The ending was non-existent! We spend a HUGE chunk of this 40-hour game crafting the Cursed Cutlass of Kaflu. We found AGAIN all of these items that were in the other games, from a voodoo doll to the Ultimate Insult(ugh) to defeat LeChuck. And when we find all but the fizzy root beer...the game just ends. Abruptly. I mean, we didn't even get a conclusion until recently in Tales of that story. And while it was an epic ending, to be sure, wouldn't it have been more fitting to leave it in its own game? Surely Monkey Island 5 wouldn't have suffered so much if it didn't completely lack an ending.

Why did we have to go to so much trouble to get a monkey coffin, anyway? It wasn't used in the course of Monkey Island 5, so what is the point of that anyway?

And LeChuck stealing monkies? It's a bit hard to swallow, and this is for a series that can get pretty thick in shtick.

Speaking of LeChuck, even *I* can't believe how he ended up surviving the ending of Escape from Monkey Island.

Monkey Island 5 is a HUGE game, that's to be sure. But if one is to go by quality rather than quantity, it's obvious that it is a severe failure compared to Tales of Monkey Island already.

Yes, this is a play on the whole "After Monkey Island 5" business. Sue me.
262 Comments - Linear Discussion: Classic Style
  • Aw c'mon! I loved it! The part with the ice-breathing accountant is amazing!
  • I must admit I kinda liked the part where you get back to the new Big Whoop World theme park, especially the puzzle where you need to defeat the Voodoo Priest aboard the ship-dodgems to get the cursed voodoo doll. That was epic.

    And to see LeChuck made a screaming chair out of Ozzy Mandrill... Priceless :)
  • I don't care how bad some parts were in that game, nothing could eve be as scarring as the sex scene between Guybrush and Elaine. And what the hell were up with those options; push harder, go softer, have a premature....well I'm sure you guys all remember because I'm still trying to forget.
  • Damn darknessofheart, I think your pseudo is all backward :s
    You should be more careful, that's some bad disease. I'd take an appointment with Le Marquis de Singe if I were you ;)
  • Thogreg wrote: »
    Damn darknessofheart, I think your pseudo is all backward :s
    You should be more careful, that's some bad disease. I'd take an appointment with Le Marquis de Singe if I were you ;)

    Yeah, no thanks lol.
  • Who got stuck on the Grow-your-own-ship puzzle? At least I could get it out of its bottle...
  • I really hated the Guybrush-Elaine sex scene too. Did we really need that? Also, I really, REALLY hated the part where they added "Monkey Kombat II." I thought they learned from their mistakes!

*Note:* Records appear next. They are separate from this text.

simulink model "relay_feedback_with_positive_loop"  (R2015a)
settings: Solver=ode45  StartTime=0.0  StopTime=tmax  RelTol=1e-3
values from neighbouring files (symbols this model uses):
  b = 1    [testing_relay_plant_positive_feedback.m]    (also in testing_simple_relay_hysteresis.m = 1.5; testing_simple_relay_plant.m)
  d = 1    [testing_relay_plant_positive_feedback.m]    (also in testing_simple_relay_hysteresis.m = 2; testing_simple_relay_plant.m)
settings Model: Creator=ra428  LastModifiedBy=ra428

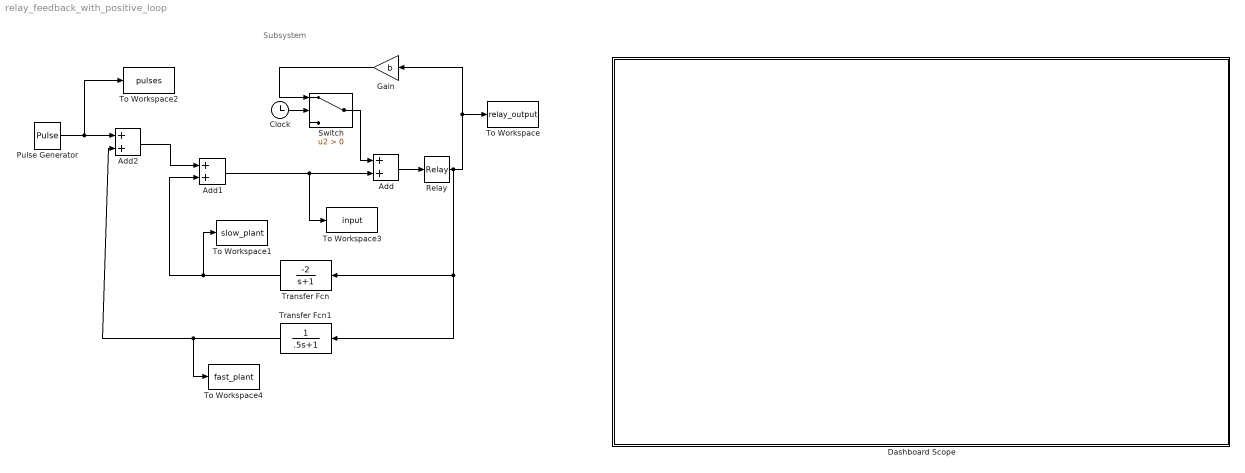
== system relay_feedback_with_positive_loop ==
  note: Subsystem
  Add : Sum
  Add1 : Sum
  Add2 : Sum
  Clock : Clock
  Dashboard Scope : Subsystem  DialogController=hmiCreateDDGDialog  IsWebBlock=on  mask(MathWorksWebBlock){webBlockId=4b2ea97f-dbcc-4152-9b11-5e345150a749, webBlockType=sdiscope, ShowInitialText=on, HMISrcModelName=relay_feedback_with_positive_loop}
      mask prompts: webBlockId "WebBlock Id"; webBlockType "WebBlock Type"; HMISrcModelName "Source Model"
      mask Help: helpview([docroot '/mapfiles/simulink.map'], 'hmi_scope')
      mask Display:
      | if strcmp(get_param(bdroot(gcb),'BlockDiagramType'), 'library')
      |     image([(matlabroot) '/toolbox/simulink/hmi/icons/DashboardScope.png']);
      | end
  Gain : Gain  Gain=b
  Pulse Generator : DiscretePulseGenerator  PulseType=Time based  Period=400  PulseWidth=50  PhaseDelay=200
  Relay : Relay  OnSwitchValue=0  OffSwitchValue=0  OnOutputValue=d  OffOutputValue=-d
  Switch : Switch  Criteria=u2 > Threshold
  To Workspace : ToWorkspace  VariableName=relay_output  SaveFormat=Timeseries  SampleTime=-1
  To Workspace1 : ToWorkspace  VariableName=slow_plant  SaveFormat=Timeseries  SampleTime=-1
  To Workspace2 : ToWorkspace  VariableName=pulses  SaveFormat=Timeseries  SampleTime=-1
  To Workspace3 : ToWorkspace  VariableName=input  SaveFormat=Timeseries  SampleTime=-1
  To Workspace4 : ToWorkspace  VariableName=fast_plant  SaveFormat=Timeseries  SampleTime=-1
  Transfer Fcn : TransferFcn  Numerator=[-2]  Denominator=[1 1]
  Transfer Fcn1 : TransferFcn  Denominator=[.5 1]
  wires:
  Transfer Fcn/1 -> Add1/2, To Workspace1/1
  Pulse Generator/1 -> Add2/1, To Workspace2/1
  Transfer Fcn1/1 -> To Workspace4/1, Add2/2
  Add2/1 -> Add1/1
  Relay/1 -> To Workspace/1, Gain/1, Transfer Fcn1/1, Transfer Fcn/1
  Add/1 -> Relay/1
  Switch/1 -> Add/1
  Add1/1 -> To Workspace3/1, Add/2
  Gain/1 -> Switch/1
  ? -> Switch/3
  Clock/1 -> Switch/2

== system relay_feedback_with_positive_loop/Dashboard Scope ==

    Dammit, this is making me so angry just thinking about that game. It's so bad it makes Escape from Monkey Island look like LeChuck's Revenge!
  • What was that bit where Guybrush went into space?? Did anybody REALLY feel that fitted in with the rest of the game?
  • Honestly, after all the bad reviews, I just skipped this game.

    Anybody have the screenshots?
  • As much as I appreciate the idea of shirtless Guybrush, what the heck did they do with him in that game? He looked more like a dwarf. Why were all the characters so ugly?
    The music wasn't as good as in the other games, too. In fact it was horrible. They also could have chosen better actors for the voices. Not to mention the poor audio quality.
    So ugly graphics, terrible sounds and senseless illogical puzzles. Why, I wonder, did the game need 10 Gigs of hard disk space?
    Don't even ask me about the German version. The translation was so bad that the dialogs didn't make any sense at all. Not that they did make much sense in the English version... The German voices, well, better don't ask. In the German version they also cut 'that' scene between Guybrush and Elaine, but I should be glad for that.
    How did you solve the puzzle where you had to get the laxative and put it into Captain Thunderspit's grog? Not only was it pixel-hunting, it also took me ages to figure out that I had to put the vampire squirrel into Kenny's shoe to get the key to the fitness center first.